+++ Record set +++
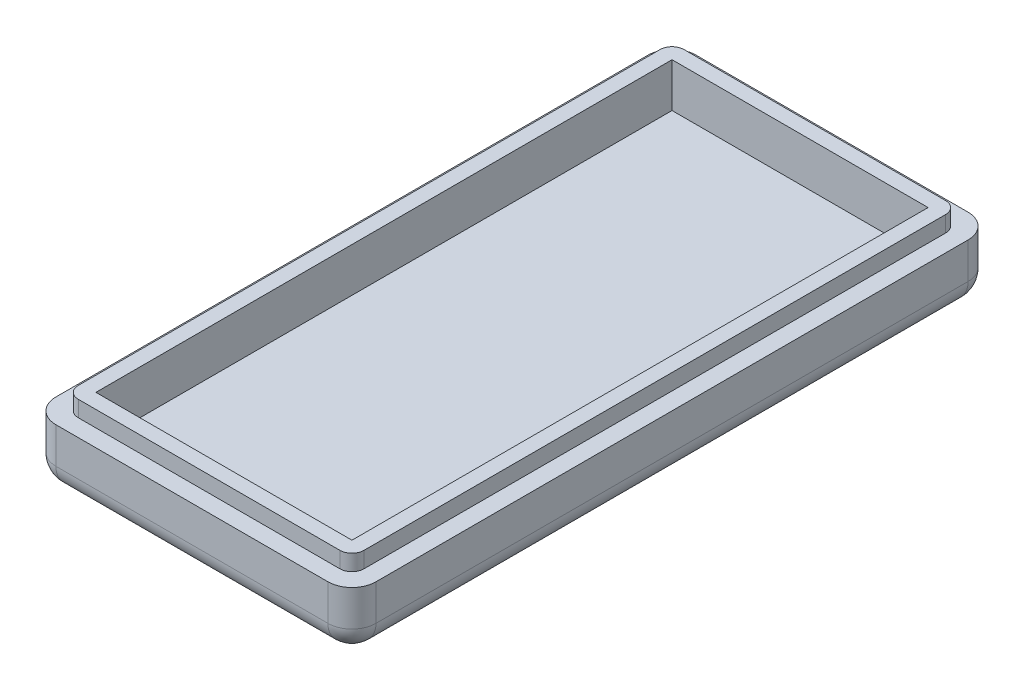
ISO-10303-21;
HEADER;
FILE_DESCRIPTION(('STEP AP214'),'2;1');
FILE_NAME('part.step','',(''),(''),'','','');
FILE_SCHEMA(('AUTOMOTIVE_DESIGN { 1 0 10303 214 1 1 1 1 }'));
ENDSEC;
DATA;
#1=APPLICATION_CONTEXT('core data for automotive mechanical design processes');
#2=APPLICATION_PROTOCOL_DEFINITION('international standard','automotive_design',2000,#1);
#3=PRODUCT_CONTEXT('',#1,'mechanical');
#4=PRODUCT('Part','Part','',(#3));
#5=PRODUCT_RELATED_PRODUCT_CATEGORY('part','',(#4));
#6=PRODUCT_DEFINITION_FORMATION('','',#4);
#7=PRODUCT_DEFINITION_CONTEXT('part definition',#1,'design');
#8=PRODUCT_DEFINITION('design','',#6,#7);
#9=PRODUCT_DEFINITION_SHAPE('','',#8);
#10=(LENGTH_UNIT() NAMED_UNIT(*) SI_UNIT(.MILLI.,.METRE.));
#11=(NAMED_UNIT(*) PLANE_ANGLE_UNIT() SI_UNIT($,.RADIAN.));
#12=(NAMED_UNIT(*) SI_UNIT($,.STERADIAN.) SOLID_ANGLE_UNIT());
#13=UNCERTAINTY_MEASURE_WITH_UNIT(LENGTH_MEASURE(1.E-05),#10,'distance_accuracy_value','');
#14=(GEOMETRIC_REPRESENTATION_CONTEXT(3) GLOBAL_UNCERTAINTY_ASSIGNED_CONTEXT((#13)) GLOBAL_UNIT_ASSIGNED_CONTEXT((#10,
#11,#12)) REPRESENTATION_CONTEXT('',''));
#15=CARTESIAN_POINT('',(0.,0.,0.));
#16=DIRECTION('',(0.,0.,1.));
#17=DIRECTION('',(1.,0.,0.));
#18=AXIS2_PLACEMENT_3D('',#15,#16,#17);
#19=CARTESIAN_POINT('',(0.,7.5,80.));
#20=DIRECTION('',(0.,-1.,0.));
#21=DIRECTION('',(0.,0.,-1.));
#22=AXIS2_PLACEMENT_3D('',#19,#20,#21);
#23=PLANE('',#22);
#24=DIRECTION('',(-1.,0.,0.));
#25=VECTOR('',#24,1.);
#26=CARTESIAN_POINT('',(0.,7.5,0.));
#27=LINE('',#26,#25);
#28=CARTESIAN_POINT('',(37.,7.5,0.));
#29=VERTEX_POINT('',#28);
#30=CARTESIAN_POINT('',(3.,7.5,0.));
#31=VERTEX_POINT('',#30);
#32=EDGE_CURVE('E283',#29,#31,#27,.T.);
#33=ORIENTED_EDGE('',*,*,#32,.T.);
#34=CARTESIAN_POINT('',(3.,7.5,3.));
#35=DIRECTION('',(0.,-1.,0.));
#36=DIRECTION('',(0.,0.,-1.));
#37=AXIS2_PLACEMENT_3D('',#34,#35,#36);
#38=CIRCLE('',#37,3.);
#39=CARTESIAN_POINT('',(0.,7.5,3.));
#40=VERTEX_POINT('',#39);
#41=EDGE_CURVE('E322',#31,#40,#38,.F.);
#42=ORIENTED_EDGE('',*,*,#41,.T.);
#43=DIRECTION('',(0.,0.,-1.));
#44=VECTOR('',#43,1.);
#45=CARTESIAN_POINT('',(0.,7.5,80.));
#46=LINE('',#45,#44);
#47=CARTESIAN_POINT('',(0.,7.5,77.));
#48=VERTEX_POINT('',#47);
#49=EDGE_CURVE('E295',#48,#40,#46,.T.);
#50=ORIENTED_EDGE('',*,*,#49,.F.);
#51=CARTESIAN_POINT('',(3.,7.5,77.));
#52=DIRECTION('',(0.,-1.,0.));
#53=DIRECTION('',(0.,0.,-1.));
#54=AXIS2_PLACEMENT_3D('',#51,#52,#53);
#55=CIRCLE('',#54,3.);
#56=CARTESIAN_POINT('',(3.,7.5,80.));
#57=VERTEX_POINT('',#56);
#58=EDGE_CURVE('E320',#48,#57,#55,.F.);
#59=ORIENTED_EDGE('',*,*,#58,.T.);
#60=DIRECTION('',(-1.,0.,0.));
#61=VECTOR('',#60,1.);
#62=CARTESIAN_POINT('',(0.,7.5,80.));
#63=LINE('',#62,#61);
#64=CARTESIAN_POINT('',(37.,7.5,80.));
#65=VERTEX_POINT('',#64);
#66=EDGE_CURVE('E292',#65,#57,#63,.T.);
#67=ORIENTED_EDGE('',*,*,#66,.F.);
#68=CARTESIAN_POINT('',(37.,7.5,77.));
#69=DIRECTION('',(0.,-1.,0.));
#70=DIRECTION('',(0.,0.,-1.));
#71=AXIS2_PLACEMENT_3D('',#68,#69,#70);
#72=CIRCLE('',#71,3.);
#73=CARTESIAN_POINT('',(40.,7.5,77.));
#74=VERTEX_POINT('',#73);
#75=EDGE_CURVE('E318',#65,#74,#72,.F.);
#76=ORIENTED_EDGE('',*,*,#75,.T.);
#77=DIRECTION('',(0.,0.,-1.));
#78=VECTOR('',#77,1.);
#79=CARTESIAN_POINT('',(40.,7.5,80.));
#80=LINE('',#79,#78);
#81=CARTESIAN_POINT('',(40.,7.5,3.));
#82=VERTEX_POINT('',#81);
#83=EDGE_CURVE('E300',#74,#82,#80,.T.);
#84=ORIENTED_EDGE('',*,*,#83,.T.);
#85=CARTESIAN_POINT('',(37.,7.5,3.));
#86=DIRECTION('',(0.,-1.,0.));
#87=DIRECTION('',(0.,0.,-1.));
#88=AXIS2_PLACEMENT_3D('',#85,#86,#87);
#89=CIRCLE('',#88,3.);
#90=EDGE_CURVE('E316',#82,#29,#89,.F.);
#91=ORIENTED_EDGE('',*,*,#90,.T.);
#92=EDGE_LOOP('',(#33,#42,#50,#59,#67,#76,#84,#91));
#93=FACE_BOUND('',#92,.T.);
#94=CARTESIAN_POINT('',(3.65,7.5,76.35));
#95=DIRECTION('',(0.,1.,0.));
#96=DIRECTION('',(0.,0.,1.));
#97=AXIS2_PLACEMENT_3D('',#94,#95,#96);
#98=CIRCLE('',#97,1.5);
#99=CARTESIAN_POINT('',(2.15,7.5,76.35));
#100=VERTEX_POINT('',#99);
#101=CARTESIAN_POINT('',(3.65,7.5,77.85));
#102=VERTEX_POINT('',#101);
#103=EDGE_CURVE('E56',#100,#102,#98,.T.);
#104=ORIENTED_EDGE('',*,*,#103,.F.);
#105=DIRECTION('',(0.,0.,1.));
#106=VECTOR('',#105,1.);
#107=CARTESIAN_POINT('',(2.14999999999999,7.5,3.65000000000001));
#108=LINE('',#107,#106);
#109=CARTESIAN_POINT('',(2.14999999999999,7.5,3.65000000000001));
#110=VERTEX_POINT('',#109);
#111=EDGE_CURVE('E60',#110,#100,#108,.T.);
#112=ORIENTED_EDGE('',*,*,#111,.F.);
#113=CARTESIAN_POINT('',(3.64999999999999,7.5,3.65000000000001));
#114=DIRECTION('',(0.,1.,0.));
#115=DIRECTION('',(0.,0.,-1.));
#116=AXIS2_PLACEMENT_3D('',#113,#114,#115);
#117=CIRCLE('',#116,1.5);
#118=CARTESIAN_POINT('',(3.64999999999999,7.5,2.15000000000001));
#119=VERTEX_POINT('',#118);
#120=EDGE_CURVE('E251',#119,#110,#117,.T.);
#121=ORIENTED_EDGE('',*,*,#120,.F.);
#122=DIRECTION('',(-1.,0.,0.));
#123=VECTOR('',#122,1.);
#124=CARTESIAN_POINT('',(36.35,7.5,2.15));
#125=LINE('',#124,#123);
#126=CARTESIAN_POINT('',(36.35,7.5,2.15));
#127=VERTEX_POINT('',#126);
#128=EDGE_CURVE('E248',#127,#119,#125,.T.);
#129=ORIENTED_EDGE('',*,*,#128,.F.);
#130=CARTESIAN_POINT('',(36.35,7.5,3.65));
#131=DIRECTION('',(0.,1.,0.));
#132=DIRECTION('',(0.,0.,-1.));
#133=AXIS2_PLACEMENT_3D('',#130,#131,#132);
#134=CIRCLE('',#133,1.5);
#135=CARTESIAN_POINT('',(37.85,7.5,3.65));
#136=VERTEX_POINT('',#135);
#137=EDGE_CURVE('E245',#136,#127,#134,.T.);
#138=ORIENTED_EDGE('',*,*,#137,.F.);
#139=DIRECTION('',(0.,0.,-1.));
#140=VECTOR('',#139,1.);
#141=CARTESIAN_POINT('',(37.85,7.5,76.35));
#142=LINE('',#141,#140);
#143=CARTESIAN_POINT('',(37.85,7.5,76.35));
#144=VERTEX_POINT('',#143);
#145=EDGE_CURVE('E242',#144,#136,#142,.T.);
#146=ORIENTED_EDGE('',*,*,#145,.F.);
#147=CARTESIAN_POINT('',(36.35,7.5,76.35));
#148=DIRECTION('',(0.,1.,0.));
+++
* Goal of the exercise *
From the first line of the records down through the line containing "#1=APPLICATION_CONTEXT('core data for", transcribe exactly those lines and no others, both ends kept, pictures dropped.

* Reply to the exercise *
ISO-10303-21;
HEADER;
FILE_DESCRIPTION(('STEP AP214'),'2;1');
FILE_NAME('part.step','',(''),(''),'','','');
FILE_SCHEMA(('AUTOMOTIVE_DESIGN { 1 0 10303 214 1 1 1 1 }'));
ENDSEC;
DATA;
#1=APPLICATION_CONTEXT('core data for automotive mechanical design processes');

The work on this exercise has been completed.